- _WHAT IS NEEDED_:
Where a line of the entries holds the string "removed", copy that line.

- _INFORMATION GIVEN_:
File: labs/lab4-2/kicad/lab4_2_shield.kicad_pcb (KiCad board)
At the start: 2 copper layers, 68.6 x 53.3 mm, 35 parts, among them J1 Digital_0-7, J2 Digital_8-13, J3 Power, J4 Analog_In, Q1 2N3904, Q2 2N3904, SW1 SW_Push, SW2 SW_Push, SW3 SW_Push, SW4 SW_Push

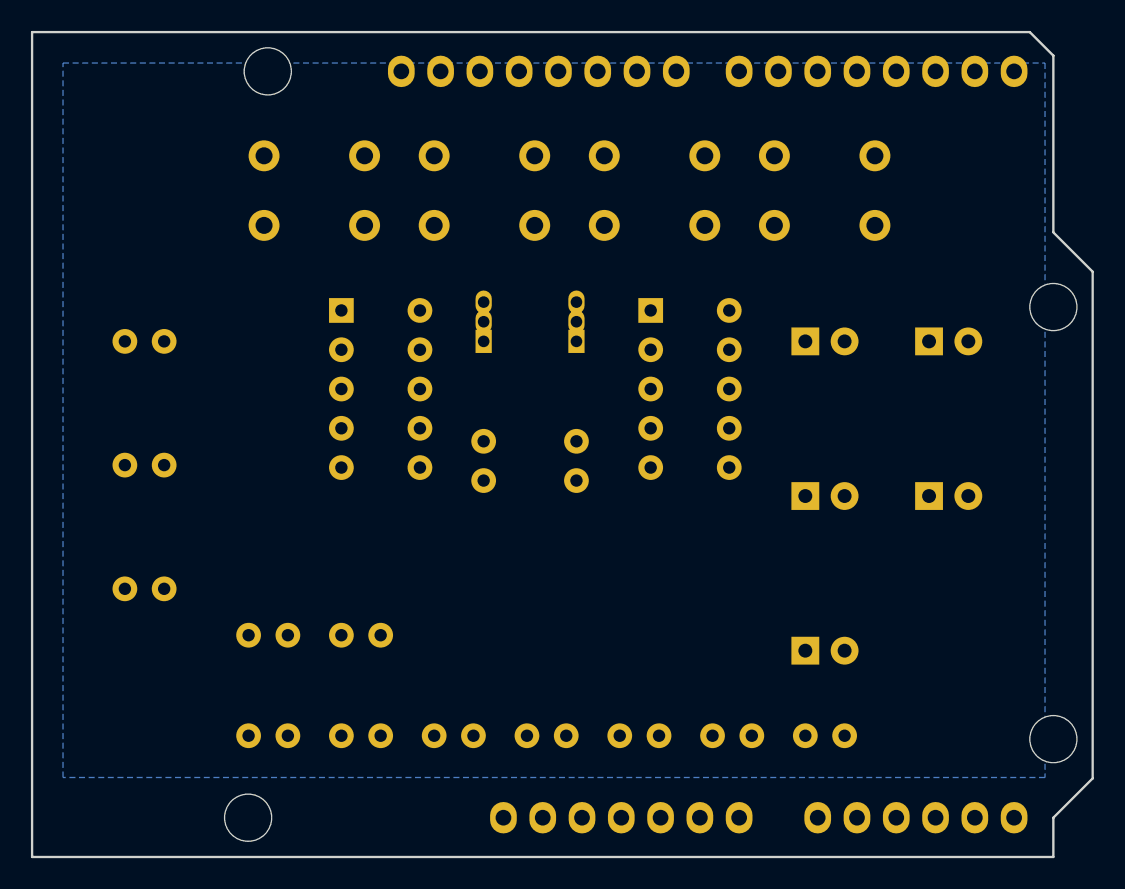
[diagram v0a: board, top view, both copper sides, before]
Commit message: feat: add LTS-6980HR 7-segment display and update KiCad project configurations
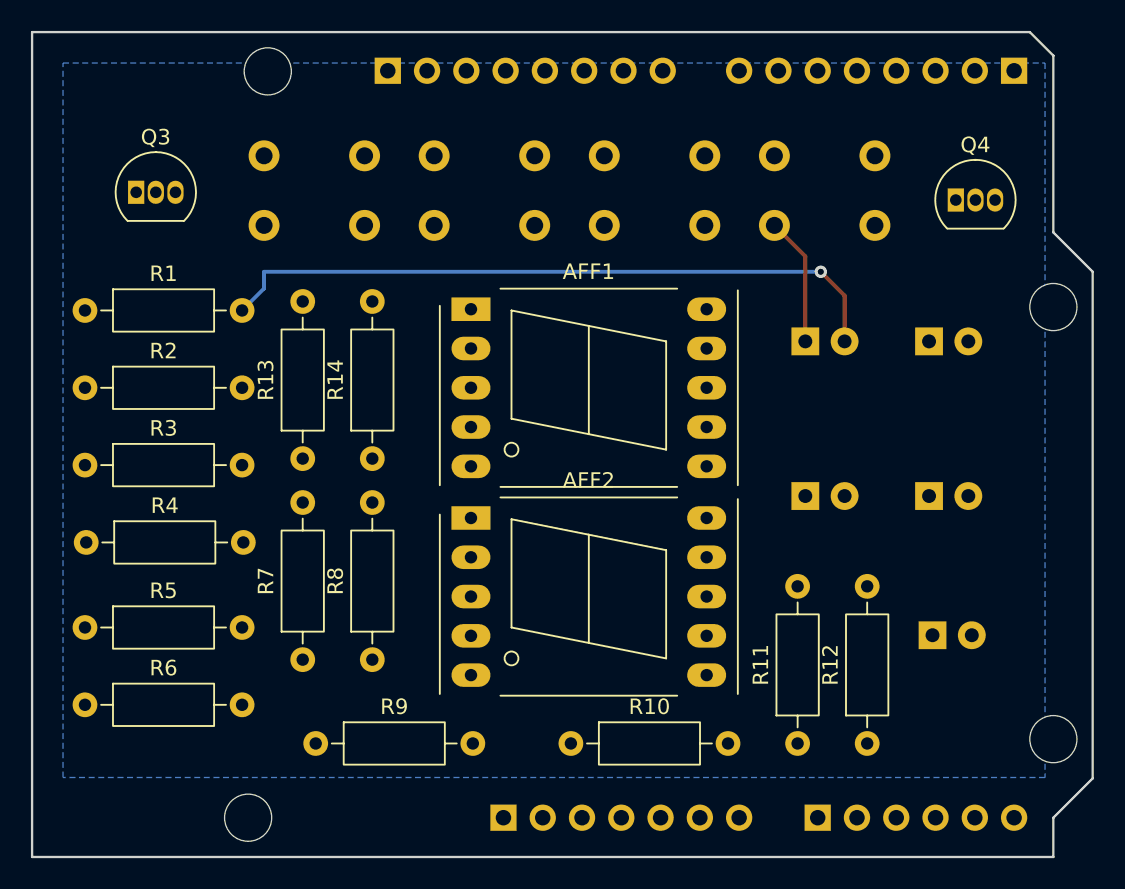
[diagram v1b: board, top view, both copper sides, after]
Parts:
- removed DS1, DS2: 7SEG_CC_GENERIC_VERIFY_PINOUT, lab4_2_shield:DISPLAY_7SEG_CC_GENERIC
- removed Q1, Q2: 2N3904, Package_TO_SOT_THT:TO-92_Inline
- added AFF1: LTS-6980HR, Display_7Segment:7SegmentLED_LTS6760_LTS6780, F.Cu at (128.4, 97.9)
- added AFF2: LTS-6980HR, Display_7Segment:7SegmentLED_LTS6760_LTS6780, F.Cu at (128.4, 111.4)
- added Q3: 2N3904, Package_TO_SOT_THT:TO-92_Inline, F.Cu at (106.7, 90.4)
- added Q4: 2N3904, Package_TO_SOT_THT:TO-92_Inline, F.Cu at (159.7, 90.9)
- J1, J2: footprint lab4_2_shield:Header_Shield_Female_1x08_P2.54mm -> Connector_PinHeader_2.54mm:PinHeader_1x08_P2.54mm_Vertical; moved to B.Cu
- J3: footprint lab4_2_shield:Header_Shield_Female_1x07_P2.54mm -> Connector_PinHeader_2.54mm:PinHeader_1x07_P2.54mm_Vertical; moved to B.Cu
- J4: footprint lab4_2_shield:Header_Shield_Female_1x06_P2.54mm -> Connector_PinHeader_2.54mm:PinHeader_1x06_P2.54mm_Vertical; moved to B.Cu
- R1, R10, R11, R12, R13, R14, R2, R3, R4, R5, R6, R7, R8, R9: footprint Resistor_THT:R_Axial_DIN0207_L6.3mm_D2.5mm_P2.54mm_Vertical -> Resistor_THT:R_Axial_DIN0207_L6.3mm_D2.5mm_P10.16mm_Horizontal
- moved J1 17.8 mm to (163.5, 82.5), turned to 90 degrees
- moved R5 16.6 mm to (103.4, 118.5)
- moved R9 13.7 mm to (118.3, 126.0)
- moved R14 13.3 mm to (122.0, 107.6)
- moved R4 12.1 mm to (103.5, 113.0)
- moved R13 11.8 mm to (117.5, 107.6)
- moved R6 10.8 mm to (103.4, 123.5)
- moved R3 8.41 mm to (103.4, 108.0)
- moved LED5 8.29 mm to (158.2, 119.0)
- moved R8 6.34 mm to (122.0, 120.6), turned to 90 degrees
- moved R2 5.63 mm to (103.4, 103.0)
- moved R11 5.52 mm to (149.5, 126.0), turned to 90 degrees
- moved R7 5.52 mm to (117.5, 120.6), turned to 90 degrees
- moved R12 4.03 mm to (154.0, 126.0), turned to 90 degrees
- moved R1 3.26 mm to (103.4, 98.0)
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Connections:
- net A0_R6 renamed /A0
- net A1_R7 renamed /A1
- net A2_R8 renamed /A2
- net A3_R9 renamed /A3
- net A4_R10 renamed /A4
- net A5_R11 renamed /A5
- net D10 renamed /D10
- net D11 renamed /D11
- net D12_R13 renamed /D12
- net D13_R14 renamed /D13
- net D2_R12 renamed /D2
- net D3_R1 renamed /D3
- net D4_R2 renamed /D4
- net D5_R3 renamed /D5
- net D6_R4 renamed /D6
- net D7_R5 renamed /D7
- net D8 renamed /D8
- net D9 renamed /D9
- net LED1_A renamed Net-(LED1-A)
- net LED2_A renamed Net-(LED2-A)
- net LED3_A renamed Net-(LED3-A)
- net LED4_A renamed Net-(LED4-A)
- net LED5_A renamed Net-(LED5-A)
- J1 pad 7: (no net) -> unconnected-(J1-Pin_7-Pad7)
- J1 pad 8: (no net) -> unconnected-(J1-Pin_8-Pad8)
- J2 pad 1: (no net) -> unconnected-(J2-Pin_1-Pad1)
- J3 pad 1: (no net) -> unconnected-(J3-Pin_1-Pad1)
- J3 pad 2: (no net) -> unconnected-(J3-Pin_2-Pad2)
- J3 pad 3: (no net) -> unconnected-(J3-Pin_3-Pad3)
- J3 pad 4: (no net) -> unconnected-(J3-Pin_4-Pad4)
- J3 pad 5: (no net) -> unconnected-(J3-Pin_5-Pad5)
- J3 pad 6: (no net) -> unconnected-(J3-Pin_6-Pad6)
- J3 pad 7: (no net) -> unconnected-(J3-Pin_7-Pad7)
- R10 pad 1: SEGBUS_E -> Net-(AFF1-e)
- R11 pad 1: SEGBUS_F -> Net-(AFF1-f)
- R12 pad 1: SEGBUS_G -> Net-(AFF1-g)
- R13 pad 2: Q1_BASE -> Net-(Q3-B)
- R14 pad 2: Q2_BASE -> Net-(Q4-B)
- R6 pad 1: SEGBUS_A -> Net-(AFF1-a)
- R7 pad 1: SEGBUS_B -> Net-(AFF1-b)
- R8 pad 1: SEGBUS_C -> Net-(AFF1-c)
- R9 pad 1: SEGBUS_D -> Net-(AFF1-d)
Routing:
- net Net-(LED1-A): track 0.00 -> 44.2 mm, vias 0 -> 1
- net GND: track 0.00 -> 8.33 mm

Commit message: feat: initialize KiCad project files and PCB layout for lab 4.2 shield
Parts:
- renumbered J2 to J1, J1 to J2, Q3 to Q1, Q4 to Q2, R8 to R10, R7 to R11, R13 to R12, R6 to R13, R12 to R6, R11 to R7, R10 to R8
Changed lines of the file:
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@@
 			(layers "*.Cu" "*.Mask")
 			(remove_unused_layers no)
-			(net "Net-(Q4-B)")
+			(net "Net-(Q2-B)")
 			(pintype "passive")
 		)
@@
 			(layers "*.Cu" "*.Mask")
 			(remove_unused_layers no)
-			(net "Net-(Q4-C)")
+			(net "Net-(Q2-C)")
 			(pinfunction "C.K._3")
 			(pintype "passive")
@@
 			(layers "*.Cu" "*.Mask")
 			(remove_unused_layers no)
-			(net "Net-(Q4-C)")
+			(net "Net-(Q2-C)")
 			(pinfunction "C.K._8")
 			(pintype "passive")
@@
 		(descr "Resistor, Axial_DIN0207 series, Axial, Horizontal, pin pitch=10.16mm, 0.25W = 1/4W, length*diameter=6.3*2.5mm^2, http://cdn-reichelt.de/documents/datenblatt/B400/1_4W%23YAG.pdf")
 		(tags "Resistor Axial_DIN0207 series Axial Horizontal pin pitch 10.16mm 0.25W = 1/4W length 6.3mm diameter 2.5mm")
-		(property "Reference" "R7"
+		(property "Reference" "R11"
 			(at 5.08 -2.37 90)
 			(layer "F.SilkS")
@@
 		(descr "Resistor, Axial_DIN0207 series, Axial, Horizontal, pin pitch=10.16mm, 0.25W = 1/4W, length*diameter=6.3*2.5mm^2, http://cdn-reichelt.de/documents/datenblatt/B400/1_4W%23YAG.pdf")
 		(tags "Resistor Axial_DIN0207 series Axial Horizontal pin pitch 10.16mm 0.25W = 1/4W length 6.3mm diameter 2.5mm")
-		(property "Reference" "R11"
+		(property "Reference" "R7"
 			(at 5.08 -2.37 90)
 			(layer "F.SilkS")
@@
 		(descr "Resistor, Axial_DIN0207 series, Axial, Horizontal, pin pitch=10.16mm, 0.25W = 1/4W, length*diameter=6.3*2.5mm^2, http://cdn-reichelt.de/documents/datenblatt/B400/1_4W%23YAG.pdf")
 		(tags "Resistor Axial_DIN0207 series Axial Horizontal pin pitch 10.16mm 0.25W = 1/4W length 6.3mm diameter 2.5mm")
-		(property "Reference" "R12"
+		(property "Reference" "R6"
 			(at 5.08 -2.37 90)
 			(layer "F.SilkS")
@@
 			(layers "*.Cu" "*.Mask")
 			(remove_unused_layers no)
-			(net "Net-(Q3-C)")
+			(net "Net-(Q1-C)")
 			(pinfunction "C.K._3")
 			(pintype "passive")
@@
 			(layers "*.Cu" "*.Mask")
 			(remove_unused_layers no)
-			(net "Net-(Q3-C)")
+			(net "Net-(Q1-C)")
 			(pinfunction "C.K._8")
 			(pintype "passive")
@@
 		(descr "TO-92 leads in-line, narrow, oval pads, drill 0.75mm (see NXP sot054_po.pdf)")
 		(tags "to-92 sc-43 sc-43a sot54 PA33 transistor")
-		(property "Reference" "Q4"
+		(property "Reference" "Q2"
 			(at 1.27 -3.56 0)
 			(layer "F.SilkS")
@@
 			(layers "*.Cu" "*.Mask")
 			(remove_unused_layers no)
-			(net "Net-(Q4-B)")
+			(net "Net-(Q2-B)")
 			(pinfunction "B_2")
 			(pintype "input")
@@
 			(layers "*.Cu" "*.Mask")
 			(remove_unused_layers no)
-			(net "Net-(Q4-C)")
+			(net "Net-(Q2-C)")
 			(pinfunction "C_3")
 			(pintype "passive")
@@
 		(descr "TO-92 leads in-line, narrow, oval pads, drill 0.75mm (see NXP sot054_po.pdf)")
 		(tags "to-92 sc-43 sc-43a sot54 PA33 transistor")
-		(property "Reference" "Q3"
+		(property "Reference" "Q1"
 			(at 1.27 -3.56 0)
 			(layer "F.SilkS")
@@
 			(layers "*.Cu" "*.Mask")
 			(remove_unused_layers no)
-			(net "Net-(Q3-B)")
+			(net "Net-(Q1-B)")
 			(pinfunction "B_2")
 			(pintype "input")
@@
 			(layers "*.Cu" "*.Mask")
 			(remove_unused_layers no)
-			(net "Net-(Q3-C)")
+			(net "Net-(Q1-C)")
 			(pinfunction "C_3")
 			(pintype "passive")
@@
 		(descr "Resistor, Axial_DIN0207 series, Axial, Horizontal, pin pitch=10.16mm, 0.25W = 1/4W, length*diameter=6.3*2.5mm^2, http://cdn-reichelt.de/documents/datenblatt/B400/1_4W%23YAG.pdf")
 		(tags "Resistor Axial_DIN0207 series Axial Horizontal pin pitch 10.16mm 0.25W = 1/4W length 6.3mm diameter 2.5mm")
-		(property "Reference" "R8"
+		(property "Reference" "R10"
 			(at 5.08 -2.37 90)
 			(layer "F.SilkS")
@@
 		(descr "Resistor, Axial_DIN0207 series, Axial, Horizontal, pin pitch=10.16mm, 0.25W = 1/4W, length*diameter=6.3*2.5mm^2, http://cdn-reichelt.de/documents/datenblatt/B400/1_4W%23YAG.pdf")
 		(tags "Resistor Axial_DIN0207 series Axial Horizontal pin pitch 10.16mm 0.25W = 1/4W length 6.3mm diameter 2.5mm")
-		(property "Reference" "R6"
+		(property "Reference" "R13"
 			(at 5.08 -2.37 0)
 			(layer "F.SilkS")
@@
 		(descr "Resistor, Axial_DIN0207 series, Axial, Horizontal, pin pitch=10.16mm, 0.25W = 1/4W, length*diameter=6.3*2.5mm^2, http://cdn-reichelt.de/documents/datenblatt/B400/1_4W%23YAG.pdf")
 		(tags "Resistor Axial_DIN0207 series Axial Horizontal pin pitch 10.16mm 0.25W = 1/4W length 6.3mm diameter 2.5mm")
-		(property "Reference" "R13"
+		(property "Reference" "R12"
 			(at 5.08 -2.37 90)
 			(layer "F.SilkS")
@@
 			(layers "*.Cu" "*.Mask")
 			(remove_unused_layers no)
-			(net "Net-(Q3-B)")
+			(net "Net-(Q1-B)")
 			(pintype "passive")
 		)
@@
 		(descr "Resistor, Axial_DIN0207 series, Axial, Horizontal, pin pitch=10.16mm, 0.25W = 1/4W, length*diameter=6.3*2.5mm^2, http://cdn-reichelt.de/documents/datenblatt/B400/1_4W%23YAG.pdf")
 		(tags "Resistor Axial_DIN0207 series Axial Horizontal pin pitch 10.16mm 0.25W = 1/4W length 6.3mm diameter 2.5mm")
-		(property "Reference" "R10"
+		(property "Reference" "R8"
 			(at 5.08 -2.37 0)
 			(layer "F.SilkS")
@@
 		(descr "Through hole straight pin header, 1x08, 2.54mm pitch, single row")
 		(tags "Through hole pin header THT 1x08 2.54mm single row")
-		(property "Reference" "J1"
+		(property "Reference" "J2"
 			(at 0 2.38 270)
 			(layer "B.SilkS")
@@
 			(layers "*.Cu" "*.Mask")
 			(remove_unused_layers no)
-			(net "unconnected-(J1-Pin_7-Pad7)")
+			(net "unconnected-(J2-Pin_7-Pad7)")
 			(pinfunction "Pin_7_7")
 			(pintype "passive+no_connect")
@@
 			(layers "*.Cu" "*.Mask")
 			(remove_unused_layers no)
-			(net "unconnected-(J1-Pin_8-Pad8)")
+			(net "unconnected-(J2-Pin_8-Pad8)")
 			(pinfunction "Pin_8_8")
 			(pintype "passive+no_connect")
@@
 		(descr "Through hole straight pin header, 1x08, 2.54mm pitch, single row")
 		(tags "Through hole pin header THT 1x08 2.54mm single row")
-		(property "Reference" "J2"
+		(property "Reference" "J1"
 			(at 0 2.38 90)
 			(layer "B.SilkS")
@@
 			(layers "*.Cu" "*.Mask")
 			(remove_unused_layers no)
-			(net "unconnected-(J2-Pin_1-Pad1)")
+			(net "unconnected-(J1-Pin_1-Pad1)")
 			(pinfunction "Pin_1_1")
 			(pintype "passive+no_connect")

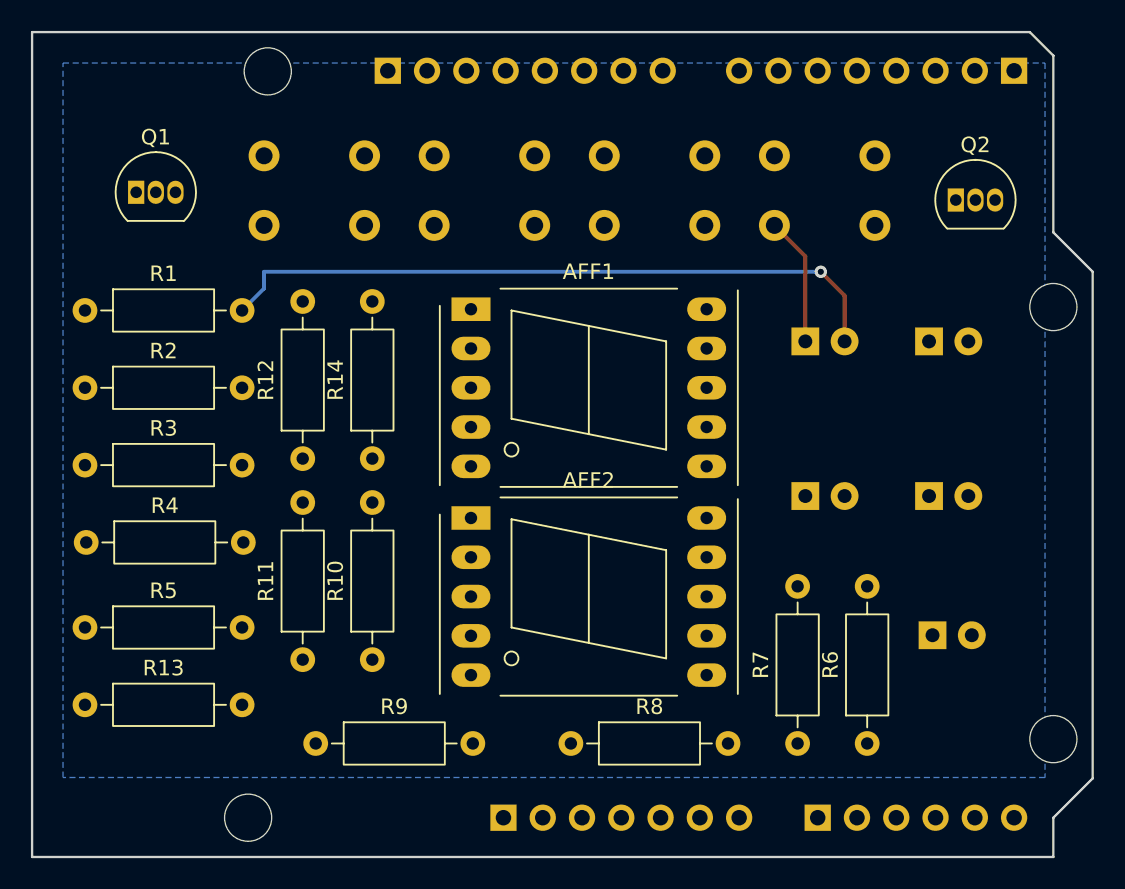
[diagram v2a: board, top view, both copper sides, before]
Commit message: refactor: update text label coordinates and component placements in KiCad project files
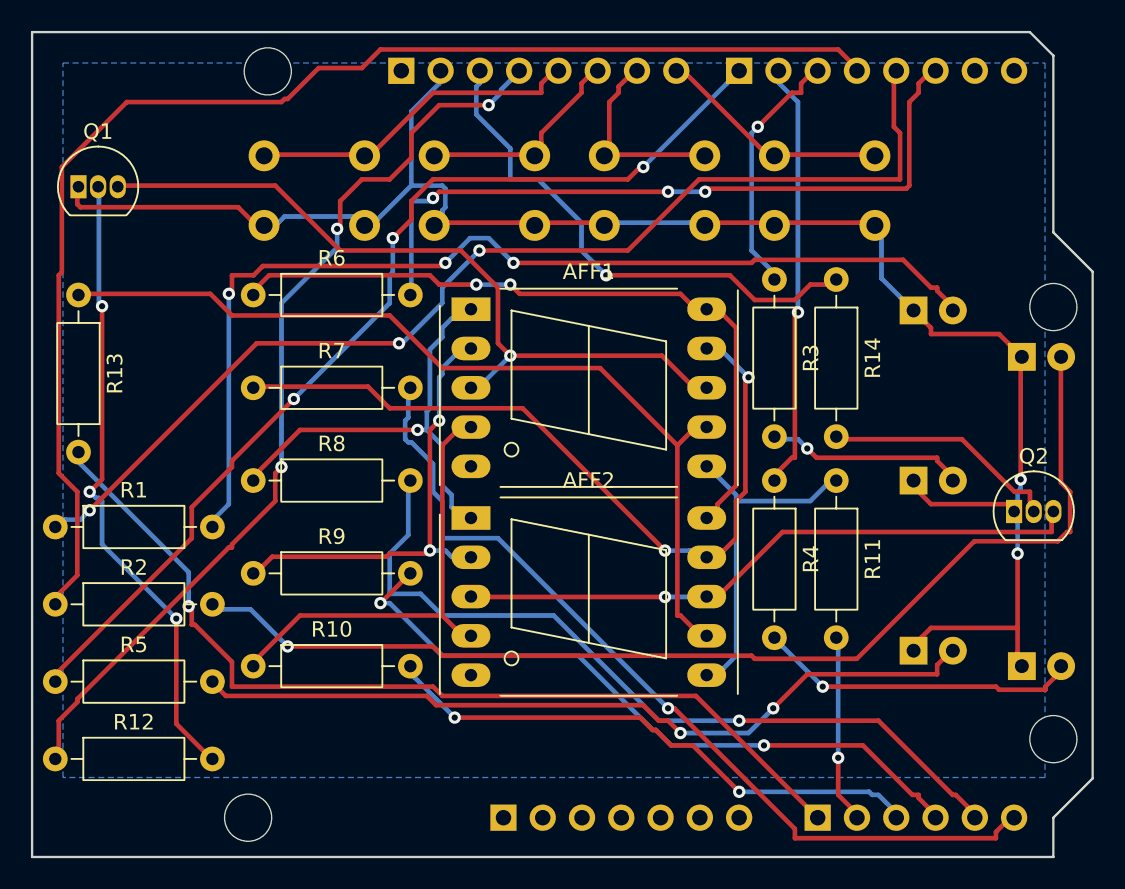
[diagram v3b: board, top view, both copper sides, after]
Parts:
- moved R6 49.2 mm to (114.3, 97.0), turned to 0 degrees
- moved R3 46.2 mm to (148.0, 96.0), turned to -90 degrees
- moved R4 44.7 mm to (148.0, 109.0), turned to -90 degrees
- moved R7 42.0 mm to (114.3, 103.0), turned to 0 degrees
- moved R11 36.4 mm to (152.0, 109.0), turned to -90 degrees
- moved R14 32.2 mm to (152.0, 96.0), turned to -90 degrees
- moved R8 26.7 mm to (114.3, 109.0)
- moved R13 26.5 mm to (103.0, 97.0), turned to -90 degrees
- moved R12 25.2 mm to (101.5, 127.0), turned to 0 degrees
- moved Q2 20.5 mm to (163.5, 111.0)
- moved J2 17.8 mm to (145.7, 82.5), turned to -90 degrees
- moved R1 14.1 mm to (101.5, 112.0)
- moved R2 14.1 mm to (101.5, 117.0)
- moved LED4 12.5 mm to (164.0, 121.0)
- moved R9 11.7 mm to (114.3, 115.0)
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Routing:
- net GND: track 8.33 -> 116.5 mm, vias 0 -> 2
- net /D4: track 0.00 -> 84.6 mm
- net Net-(LED2-A): track 0.00 -> 71.8 mm, vias 0 -> 1
- net /D3: track 0.00 -> 71.7 mm, vias 0 -> 3
- net /D7: track 0.00 -> 65.2 mm, vias 0 -> 3
- net /A0: track 0.00 -> 60.7 mm, vias 0 -> 1
- net /D12: track 0.00 -> 59.9 mm, vias 0 -> 3
- net Net-(AFF1-a): track 0.00 -> 58.4 mm
- net /A5: track 0.00 -> 57.0 mm, vias 0 -> 1
- net Net-(LED5-A): track 0.00 -> 51.8 mm, vias 0 -> 2
- net /A4: track 0.00 -> 51.8 mm, vias 0 -> 1
- net Net-(AFF1-f): track 0.00 -> 50.2 mm, vias 0 -> 2
- net Net-(Q1-C): track 0.00 -> 48.9 mm, vias 0 -> 1
- net /D2: track 0.00 -> 46.9 mm, vias 0 -> 3
- net Net-(AFF1-g): track 0.00 -> 46.2 mm, vias 0 -> 2

- _SOLUTION FOR THIS PROBLEM_:
- removed DS1, DS2: 7SEG_CC_GENERIC_VERIFY_PINOUT, lab4_2_shield:DISPLAY_7SEG_CC_GENERIC
- removed Q1, Q2: 2N3904, Package_TO_SOT_THT:TO-92_Inline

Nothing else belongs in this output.